Mental health first aid training by e-learning: a randomized controlled trial

(Professorial Fellow) , (Senior Lecturer) , (Research Assistant) & (Research Fellow)
Pages 1072-1081 | Received 10 Aug 2010, Accepted 12 Aug 2010, Published online: 11 Nov 2010
 

Abstract

Objective: Mental Health First Aid training is a course for the public that teaches how to give initial help to a person developing a mental health problem or in a mental health crisis. The present study evaluated the effects of Mental Health First Aid training delivered by e-learning on knowledge about mental disorders, stigmatizing attitudes and helping behaviour.

Method: A randomized controlled trial was carried out with 262 members of the Australian public. Participants were randomly assigned to complete an e-learning CD, read a Mental Health First Aid manual or be in a waiting list control group. The effects of the interventions were evaluated using online questionnaires pre- and post-training and at 6-months follow up. The questionnaires covered mental health knowledge, stigmatizing attitudes, confidence in providing help to others, actions taken to implement mental health first aid and participant mental health.

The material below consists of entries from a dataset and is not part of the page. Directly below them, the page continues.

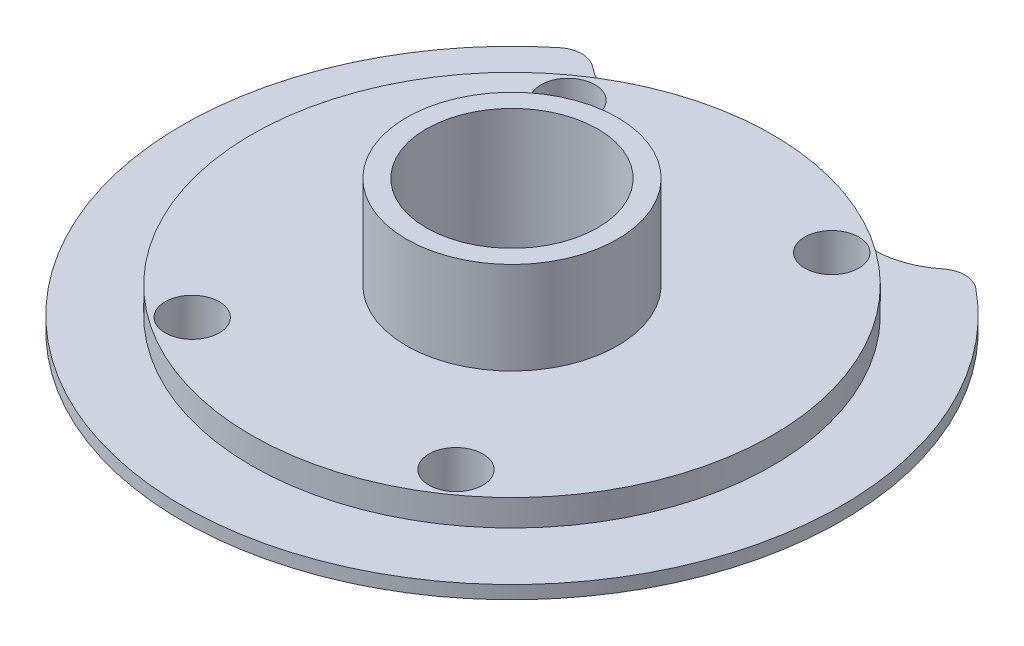
SolidWorks part; units mm, degrees
ref_plane "Front Plane" through (0, 0, 0) normal (0, 0, 1) x (1, 0, 0)
ref_plane "Top Plane" through (0, 0, 0) normal (0, 1, 0) x (1, 0, 0)
ref_plane "Right Plane" through (0, 0, 0) normal (1, 0, 0) x (0, 0, -1)
sketch "Sketch1" plane through (0, 0, 0) normal (0, 1, 0) x (1, 0, 0)
  circle A4 centre (0, 0) radius 12.5
  dimension "D1" = 25
extrude "Boss-Extrude1" add sketch "Sketch1" along normal blind 1.5
sketch "Sketch2" plane through (0, 0, 0) normal (0, -1, 0) x (1, 0, 0)
  circle A0 centre (0, 0) radius 3.25
  dimension "D1" = 6.5
extrude "Cut-Extrude1" cut sketch "Sketch2" against normal through all
sketch "Sketch3" plane through (0, 1.5, 0) normal (0, 1, 0) x (1, 0, 0)
  circle A0 centre (0, 0) radius 3.25 construction
  circle A1 centre (0, 0) radius 12.5
  circle A2 centre (0, 0) radius 12.5
  circle A3 centre (0, 0) radius 3.25
  circle A4 centre (0, 0) radius 4
  circle M4 centre (0, 0) radius 3.25
  dimension "D1" = 0
  dimension "D2" = 0.75
extrude "Boss-Extrude2" add sketch "Sketch3" along normal blind 3.5 contours A4 M4 region at (-3.8869, 1.5, 0)
sketch "Sketch4" plane through (0, 1.5, 0) normal (0, 1, 0) x (1, 0, 0)
  circle A0 centre (0, 0) radius 12.5 construction
  circle A1 centre (0, 0) radius 12.5
  circle A2 centre (0, 0) radius 9.875
  circle M4 centre (0, 0) radius 12.5
  dimension "D1" = 19.75
extrude "Cut-Extrude2" cut sketch "Sketch4" against normal blind 1 contours A2 M4 region at (-12.1464, 1.5, 0)
sketch "Sketch5" plane through (0, 0.5, 0) normal (0, 1, 0) x (1, 0, 0)
  line L0 (0, 0) -> (7.1697, 10.2394)
  line L1 (0, 0) -> (0, 12.5) construction
  line L2 (0, 0) -> (-7.1697, 10.2394)
  circle A0 centre (0, 0) radius 9.875 construction
  circle A1 centre (0, 0) radius 12.5
  circle A2 centre (0, 0) radius 12.5
  circle A3 centre (0, 0) radius 9.875
  circle M4 centre (0, 0) radius 9.875
  circle M5 centre (0, 0) radius 12.5
  dimension "D2" = 35
  dimension "D1" = 0
extrude "Cut-Extrude3" cut sketch "Sketch5" against normal through all contours L1 A3 L0 M5 | L1 A2 L2 M4 region at (3.3273, 0.5, -10.5528) region at (-3.3273, 0.5, -10.5528)
fillet "Fillet1" radius 3.125 2 edges at (-5.6641, 0.25, -8.0891) (5.6641, 0.25, -8.0891)
fillet "Fillet2" radius 1 2 edges at (-7.1697, 0.25, -10.2394) (7.1697, 0.25, -10.2394)
sketch "Sketch6" plane through (0, 0, 0) normal (0, -1, 0) x (1, 0, 0)
  line L0 (0, 0) -> (5, 0) construction
  line L1 (-5, -7.125) -> (5, -7.125) construction
  line L2 (-5, -7.125) -> (-5, 7.125) construction
  line L3 (-5, 7.125) -> (5, 7.125) construction
  line L4 (5, -7.125) -> (5, 7.125) construction
  line L5 (-5, -7.125) -> (5, 7.125) construction
  line L6 (-5, 7.125) -> (5, -7.125) construction
  line L7 (0, 0) -> (0, 7.125) construction
  circle A0 centre (5, 7.125) radius 1.025
  circle A1 centre (-5, 7.125) radius 1.025
  circle A2 centre (5, -7.125) radius 1.025
  circle A3 centre (-5, -7.125) radius 1.025
  point P0 (0, 0)
  dimension "D3" = 2.05
  dimension "D1" = 10
  dimension "D2" = 14.25
extrude "Cut-Extrude4" cut sketch "Sketch6" against normal through all contours A1 | A0 | A2 | A3 region at (5, 0, 7.125) region at (-5, 0, 7.125) region at (5, 0, -7.125) region at (-5, 0, -7.125)

Results: Both e-learning and the printed manual increased aspects of knowledge, reduced stigma and increased confidence compared to waiting list. E-learning also improved first aid actions taken more than waiting list, and was superior to the printed manual in reducing stigma and disability due to mental ill health.

Conclusions: Mental Health First Aid information received by either e-learning or printed manual had positive effects, but e-learning was better at reducing stigma.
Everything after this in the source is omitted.